The following is an excerpt from this article.



> Apple faces a lawsuit in the U.S., following similar charges in Europe, over tying its iTunes music store to the iPod digital music player.
> 
> Apple revealed the suit, submitted in July to the U.S. District Court for the Northern District of California, in a filing with the U.S.        Securities and Exchange Commission on Friday.
> 
> The suit was filed by a user, Melanie Tucker, and seeks class-action status. It alleges that Apple violates antitrust laws by refusing to allow music bought in its iTunes store to be played on any digital music player besides the iPod. It also charges Apple with not making it clear to customers that music from the iTunes store and the iPod are incompatible with music and devices offered by other companies.


Does anyone know this her?  If so, can you please tell her to leave Apple alone and go work for her money?

Alra111


----------



## fryke (Jan 6, 2007)

It's a bit much to call for her death, really. :/ ... And let's be honest: Apple behaving like a Microsoft isn't exactly why we've chosen Apple in the first place. At least I think so.


----------



## Lt Major Burns (Jan 6, 2007)

i agree with her.  i mean, i've not been a fan of legal music downloads at all.  if i want music, i'll buy it on cd.  if i want single tracks, i'll get them off limewire.  if an artist wants my money, they'd better work for it, by making a good album.  getting single tracks off limewire or similar is just a slightly easier alternative to recording from the radio.  which we've all done for 20 years, and the industry survives.

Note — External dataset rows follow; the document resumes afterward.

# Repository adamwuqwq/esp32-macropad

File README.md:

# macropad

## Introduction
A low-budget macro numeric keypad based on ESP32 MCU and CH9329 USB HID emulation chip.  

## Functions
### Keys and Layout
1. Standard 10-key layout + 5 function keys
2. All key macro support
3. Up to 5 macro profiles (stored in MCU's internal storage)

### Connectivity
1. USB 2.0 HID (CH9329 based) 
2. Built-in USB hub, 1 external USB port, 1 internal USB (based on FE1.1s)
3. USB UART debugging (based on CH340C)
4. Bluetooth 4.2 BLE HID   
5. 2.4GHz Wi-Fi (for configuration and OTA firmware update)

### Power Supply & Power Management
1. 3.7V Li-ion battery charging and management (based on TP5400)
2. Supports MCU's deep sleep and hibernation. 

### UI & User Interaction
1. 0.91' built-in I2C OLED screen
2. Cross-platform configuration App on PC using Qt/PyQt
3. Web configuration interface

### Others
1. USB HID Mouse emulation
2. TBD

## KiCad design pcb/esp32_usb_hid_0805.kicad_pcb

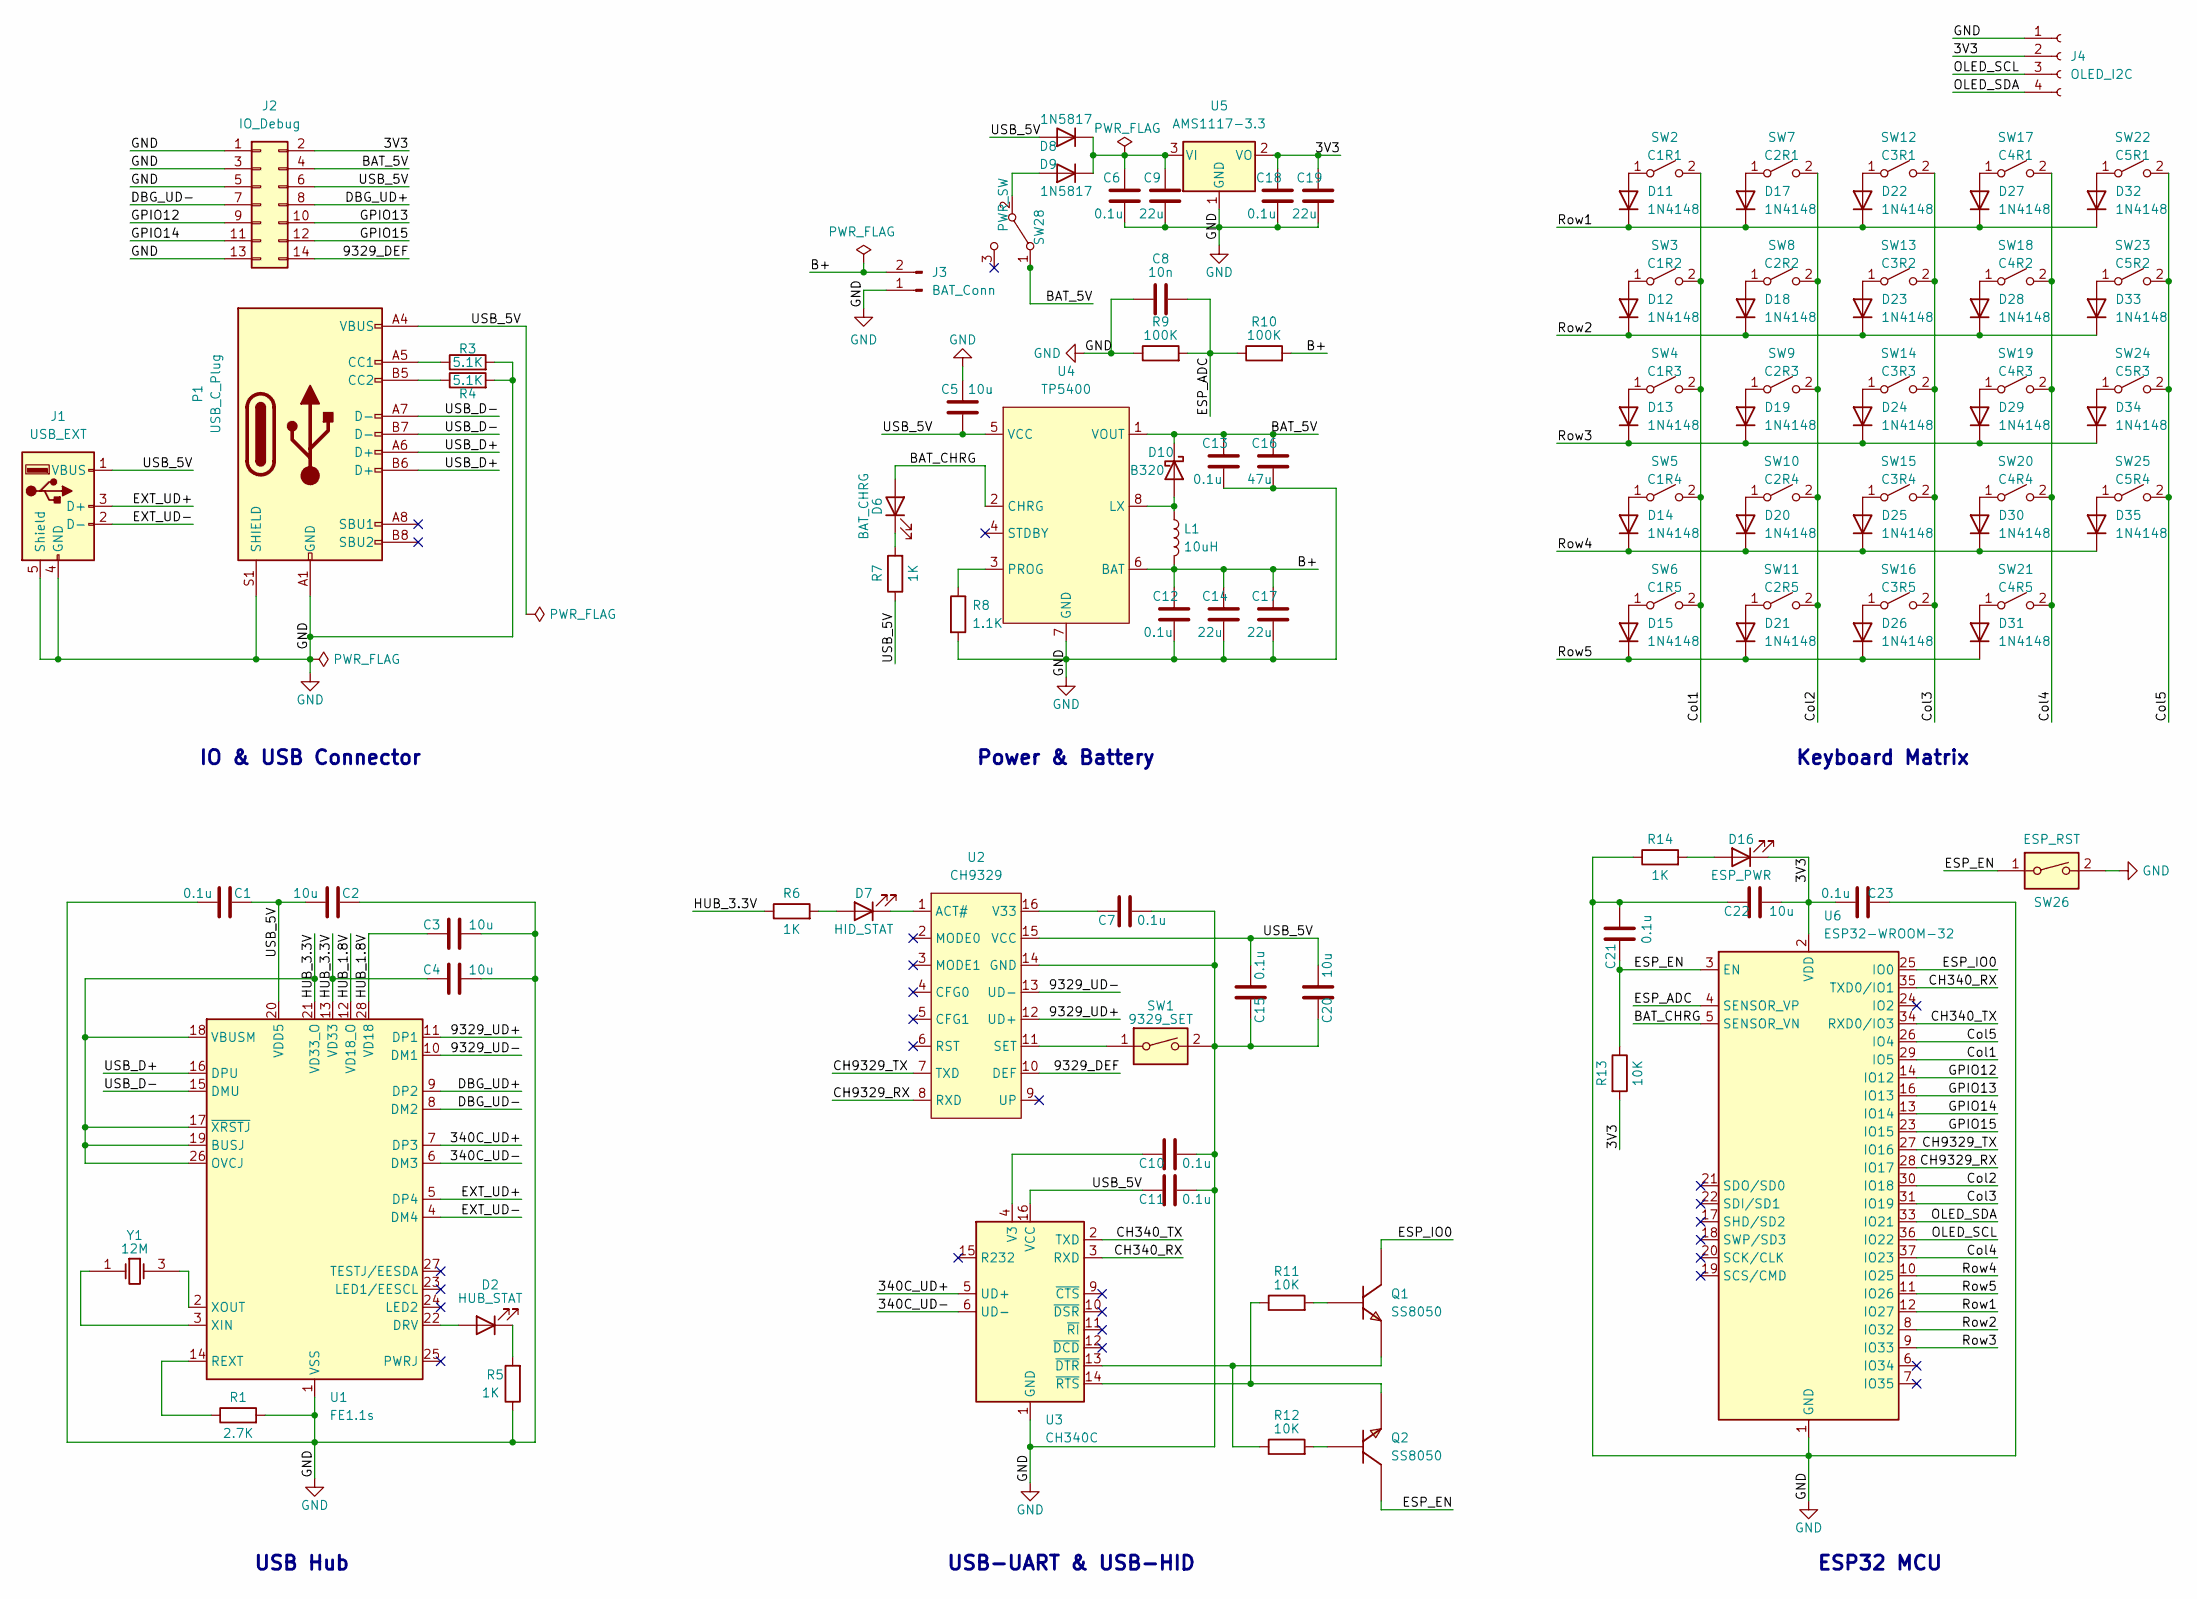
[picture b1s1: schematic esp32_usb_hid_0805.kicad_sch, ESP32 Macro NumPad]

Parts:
C1, C6, C7, C10, C11, C12, C13, C15, C18, C21, C23: 0.1u; C_0805_2012Metric
C2, C3, C4, C5, C20, C22: 10u; C_0805_2012Metric
C8: 10n; C_0805_2012Metric
C9, C14, C17, C19: 22u; C_0805_2012Metric
C16: 47u; C_0805_2012Metric
D2: HUB_STAT; LED_0805_2012Metric
D6: BAT_CHRG; LED_0805_2012Metric
D7: HID_STAT; LED_0805_2012Metric
D8, D9: 1N5817; D_SOD-123
D10: B320; D_SMA
D11, D12, D13, D14, D15, D17, D18, D19, D20, D21, D22, D23, D24, D25, D26, D27, D28, D29, D30, D31, D32, D33, D34, D35: 1N4148; D_SOD-123
D16: ESP_PWR; LED_0805_2012Metric
J1: USB_EXT; USB_A_Stewart_SS-52100-001_Horizontal
J2: IO_Debug; PinHeader_2x08_P2.54mm_Vertical
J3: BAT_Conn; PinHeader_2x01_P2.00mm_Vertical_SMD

i am in absolute opposition to DRM.  it's ironic that it removes my right to listen to music i've paid for. or suspects me of stealing.  my ipod is 90% full of music that i paid for.  i must have spent thousands of pounds on music, and yet none of it has any DRM on it.  i have about 5 tracks i've bought from iTMS and i don't listen to them because i've rebuilt my computer so many times without 'deauthorizing' beforehand that it won't let me play them.


----------



## bobw (Jan 6, 2007)

Hope she has a lot of money if she's suing Apple.


----------



## Viro (Jan 6, 2007)

bobw said:


> Hope she has a lot of money if she's suing Apple.



Most law firms who do class action lawsuits do not charge a fee, preferring instead to go for a percentage of the winnings. This is especially profitable, as class action lawsuits try to seek millions and billions of dollars in compensation. That's why there are so many frivolous class actions going on.


----------



## fryke (Jan 6, 2007)

While I agree that DRM is not especially helpful and I certainly think Apple could actually do better - I also have to say that I *really* don't see grounds for a lawsuit. She's got all the freedom in the world. She could buy an iPod - nobody hindering her - or buy her music elsewhere. It's not as if Apple were the _sole_ supplier for that thing called "music". They merely primarily cater for the users of their successful music player, the iPod.

The real question, I think, is if Apple is _so_ confident that the iPod's the best music player in the world and that iTunes Store is the best place to buy music and videos online, why do they still have to make each product protect the other this way. They could easily let other digital music players have access to iTunes (and make money off of more people buying tracks) and let the iPod have access to other online music stores, since if they're right, one would buy on iTunes, anyway. 

That said: Me too, I'm not buying songs on iTunes, because I still like to have a "real" album, i.e. a CD. Then _I_ can choose what quality my digital files on the iPod should have and I automatically have a backup as well. On CD.


----------



## bunga (Jan 6, 2007)

It's an on going issue and the saga continues over at digg over the iPod DRM

Apple doesn't force pople to buy iPods, it's just if you do decide to buy an iPod, you have to use iTunes. Apple doesn't force people to buy from their ITMS, that's an option too. You can freely add any CD, downloaded track etc and put into iTunes etc

As for Melanie wingeing she can't put her bought songs onto a ugly looking MP3 player, it's just Apple protecting their sales so the Music Artist can get some commision. I think a lawsuit is ridiculous and waste of time.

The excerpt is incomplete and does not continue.